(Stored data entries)
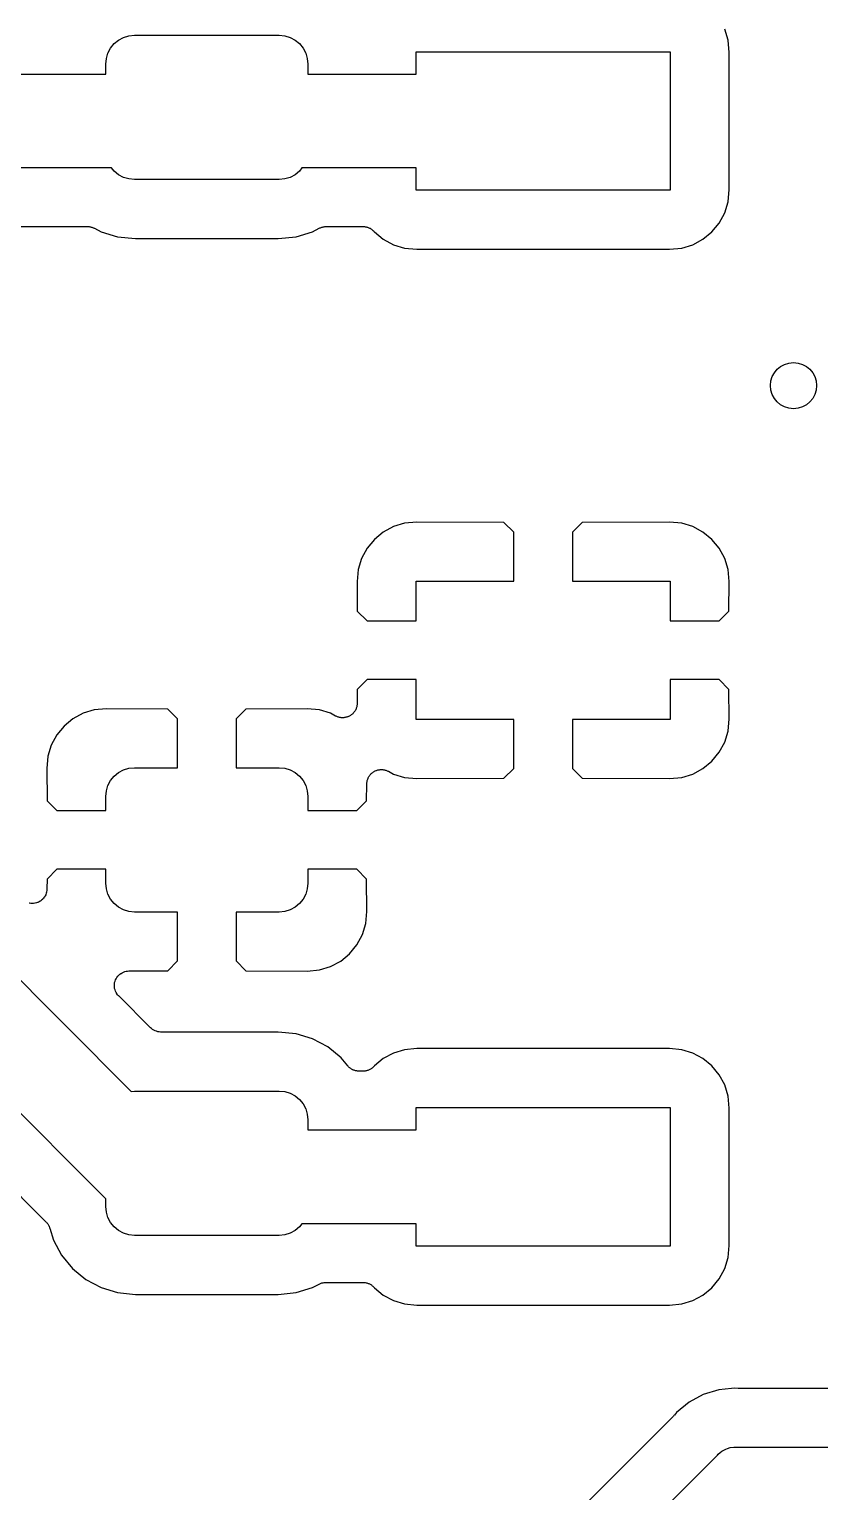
# Model space of a CAD drawing. Extents: x 105 to 193.4, y -145.7 to -72.2.
# Drawn here: x 128 to 134.85, y -96.96 to -84.29 of the extents above; entities that cross this region are included whole.
import ezdxf

# ---------------------------------------------------------------- set-up
doc = ezdxf.new("R2010")
doc.units = 0
doc.layers.add('BLACK', color=7, linetype='CONTINUOUS')

msp = doc.modelspace()

# ---------------------------------------------------------------- linework, layer by layer
at = {"layer": 'BLACK', "linetype": 'CONTINUOUS'}
for p, q in [((128.819, -84.36), (128.866, -84.3458)), ((128.866, -84.3458), (128.915, -84.341)), ((128.915, -84.341), (130.165, -84.341)), ((130.165, -84.341), (130.214, -84.3458)), ((130.214, -84.3458), (130.261, -84.36)), ((134.053, -84.3844), (134.024, -84.2887)), ((128.684, -84.4953), (128.707, -84.4521)), ((128.707, -84.4521), (128.738, -84.4142)), ((128.738, -84.4142), (128.776, -84.3831)), ((128.776, -84.3831), (128.819, -84.36)), ((130.261, -84.36), (130.304, -84.3831)), ((130.304, -84.3831), (130.342, -84.4142)), ((130.342, -84.4142), (130.373, -84.4521)), ((130.373, -84.4521), (130.396, -84.4953)), ((134.063, -84.4902), (134.053, -84.3844)), ((128.665, -84.591), (128.67, -84.5422)), ((128.665, -84.6776), (128.665, -84.591)), ((128.67, -84.5422), (128.684, -84.4953)), ((130.396, -84.4953), (130.41, -84.5422)), ((130.41, -84.5422), (130.415, -84.591)), ((130.415, -84.591), (130.415, -84.6776)), ((131.352, -84.6776), (131.352, -84.484)), ((131.352, -84.484), (133.552, -84.484)), ((133.552, -84.484), (133.552, -85.684)), ((134.063, -85.6778), (134.063, -84.4902)), ((126.163, -84.6776), (128.665, -84.6776)), ((130.415, -84.6776), (131.352, -84.6776)), ((128.716, -85.4904), (126.171, -85.4904)), ((128.738, -85.5178), (128.716, -85.4904)), ((130.364, -85.4904), (130.342, -85.5178)), ((131.352, -85.4904), (130.364, -85.4904)), ((131.352, -85.684), (131.352, -85.4904)), ((128.776, -85.5489), (128.738, -85.5178)), ((128.819, -85.572), (128.776, -85.5489)), ((128.866, -85.5862), (128.819, -85.572)), ((128.915, -85.591), (128.866, -85.5862)), ((130.165, -85.591), (128.915, -85.591)), ((130.214, -85.5862), (130.165, -85.591)), ((130.261, -85.572), (130.214, -85.5862)), ((130.304, -85.5489), (130.261, -85.572)), ((130.342, -85.5178), (130.304, -85.5489)), ((133.552, -85.684), (131.352, -85.684)), ((134.053, -85.7836), (134.063, -85.6778)), ((134.024, -85.8793), (134.053, -85.7836)), ((126.47, -85.9984), (128.508, -85.9984)), ((128.508, -85.9984), (128.509, -85.9984)), ((128.509, -85.9984), (128.515, -85.999)), ((128.515, -85.999), (128.52, -85.999)), ((128.52, -85.999), (128.527, -86.0004)), ((128.527, -86.0004), (128.534, -86.0012)), ((128.534, -86.0012), (128.539, -86.0028)), ((128.539, -86.0028), (128.545, -86.0039)), ((130.531, -86.006), (130.537, -86.0034)), ((130.537, -86.0034), (130.542, -86.0024)), ((130.542, -86.0024), (130.548, -86.0008)), ((130.548, -86.0008), (130.555, -86.0001)), ((130.555, -86.0001), (130.561, -85.9989)), ((130.561, -85.9989), (130.567, -85.9989)), ((130.567, -85.9989), (130.572, -85.9984)), ((130.572, -85.9984), (130.893, -85.9984)), ((130.893, -85.9984), (130.895, -85.9984)), ((130.895, -85.9984), (130.9, -85.999)), ((130.9, -85.999), (130.906, -85.9991)), ((130.906, -85.9991), (130.912, -86.0004)), ((130.912, -86.0004), (130.919, -86.0012)), ((130.919, -86.0012), (130.925, -86.0029)), ((130.925, -86.0029), (130.93, -86.004)), ((133.913, -86.0449), (133.976, -85.9676)), ((133.976, -85.9676), (134.024, -85.8793)), ((128.545, -86.0039), (128.551, -86.0066)), ((128.551, -86.0066), (128.558, -86.0087)), ((128.558, -86.0087), (128.562, -86.0113)), ((128.562, -86.0113), (128.568, -86.0134)), ((128.568, -86.0134), (128.624, -86.0436)), ((128.624, -86.0436), (128.767, -86.0868)), ((128.767, -86.0868), (128.921, -86.1021)), ((128.921, -86.1021), (130.159, -86.1021)), ((130.159, -86.1021), (130.313, -86.0868)), ((130.313, -86.0868), (130.456, -86.0436)), ((130.456, -86.0436), (130.512, -86.0134)), ((130.512, -86.0134), (130.514, -86.0126)), ((130.514, -86.0126), (130.519, -86.0105)), ((130.519, -86.0105), (130.524, -86.008)), ((130.524, -86.008), (130.531, -86.006)), ((130.93, -86.004), (130.936, -86.0066)), ((130.936, -86.0066), (130.943, -86.0087)), ((130.943, -86.0087), (130.948, -86.0114)), ((130.948, -86.0114), (130.953, -86.0135)), ((130.953, -86.0135), (130.959, -86.0173)), ((130.959, -86.0173), (130.965, -86.0206)), ((130.965, -86.0206), (130.969, -86.0242)), ((130.969, -86.0242), (130.973, -86.0273)), ((130.973, -86.0273), (130.978, -86.0321)), ((130.978, -86.0321), (130.984, -86.0365)), ((130.984, -86.0365), (130.987, -86.0409)), ((130.987, -86.0409), (130.991, -86.0448)), ((130.991, -86.0448), (130.991, -86.045)), ((130.991, -86.045), (131.068, -86.1084)), ((131.068, -86.1084), (131.157, -86.1556)), ((133.747, -86.1556), (133.836, -86.1084)), ((133.836, -86.1084), (133.913, -86.0449)), ((131.157, -86.1556), (131.252, -86.1846)), ((131.252, -86.1846), (131.358, -86.1951)), ((131.358, -86.1951), (133.546, -86.1951)), ((133.546, -86.1951), (133.652, -86.1846)), ((133.652, -86.1846), (133.747, -86.1556)), ((131.068, -88.6436), (130.991, -88.7071)), ((131.157, -88.5964), (131.068, -88.6436)), ((131.252, -88.5674), (131.157, -88.5964)), ((131.358, -88.557), (131.252, -88.5674)), ((132.113, -88.5598), (131.358, -88.557)), ((132.198, -88.6444), (132.113, -88.5598)), ((132.198, -89.068), (132.198, -88.6444)), ((132.791, -88.5598), (132.706, -88.6444)), ((132.706, -88.6444), (132.706, -89.068)), ((133.546, -88.557), (132.791, -88.5598)), ((133.652, -88.5673), (133.546, -88.557)), ((133.747, -88.5964), (133.652, -88.5673)), ((133.836, -88.6436), (133.747, -88.5964)), ((133.913, -88.7071), (133.836, -88.6436)), ((130.928, -88.7844), (130.88, -88.8727)), ((130.991, -88.7071), (130.928, -88.7844)), ((133.976, -88.7844), (133.913, -88.7071)), ((134.024, -88.8727), (133.976, -88.7844)), ((130.88, -88.8727), (130.851, -88.9684)), ((134.053, -88.9684), (134.024, -88.8727)), ((130.851, -88.9684), (130.841, -89.0736)), ((134.063, -89.0736), (134.053, -88.9684)), ((130.841, -89.0736), (130.843, -89.3291)), ((131.352, -89.414), (131.352, -89.068)), ((131.352, -89.068), (132.198, -89.068)), ((132.706, -89.068), (133.552, -89.068)), ((133.552, -89.068), (133.552, -89.414)), ((134.061, -89.3291), (134.063, -89.0736)), ((130.843, -89.3291), (130.928, -89.414)), ((130.928, -89.414), (131.352, -89.414)), ((133.552, -89.414), (133.976, -89.414)), ((133.976, -89.414), (134.061, -89.3291)), ((130.928, -89.922), (130.843, -90.0069)), ((131.352, -89.922), (130.928, -89.922)), ((131.352, -90.268), (131.352, -89.922)), ((133.552, -89.922), (133.552, -90.268)), ((133.976, -89.922), (133.552, -89.922)), ((134.061, -90.0069), (133.976, -89.922)), ((130.843, -90.0069), (130.842, -90.1267)), ((134.063, -90.2624), (134.061, -90.0069)), ((128.671, -90.174), (128.565, -90.1844)), ((129.201, -90.1767), (128.671, -90.174)), ((129.286, -90.2614), (129.201, -90.1767)), ((129.879, -90.1767), (129.794, -90.2614)), ((130.409, -90.174), (129.879, -90.1767)), ((130.515, -90.1843), (130.409, -90.174)), ((130.829, -90.1813), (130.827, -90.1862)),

- EXERCISE OBJECTIVE: Only the lines from the beginning of the records through the line bearing "msp = doc.modelspace()" belong in the answer, copied word for word with pictures left out.

- RESPONSE:
# Model space of a CAD drawing. Extents: x 105 to 193.4, y -145.7 to -72.2.
# Drawn here: x 128 to 134.85, y -96.96 to -84.29 of the extents above; entities that cross this region are included whole.
import ezdxf

# ---------------------------------------------------------------- set-up
doc = ezdxf.new("R2010")
doc.units = 0
doc.layers.add('BLACK', color=7, linetype='CONTINUOUS')

msp = doc.modelspace()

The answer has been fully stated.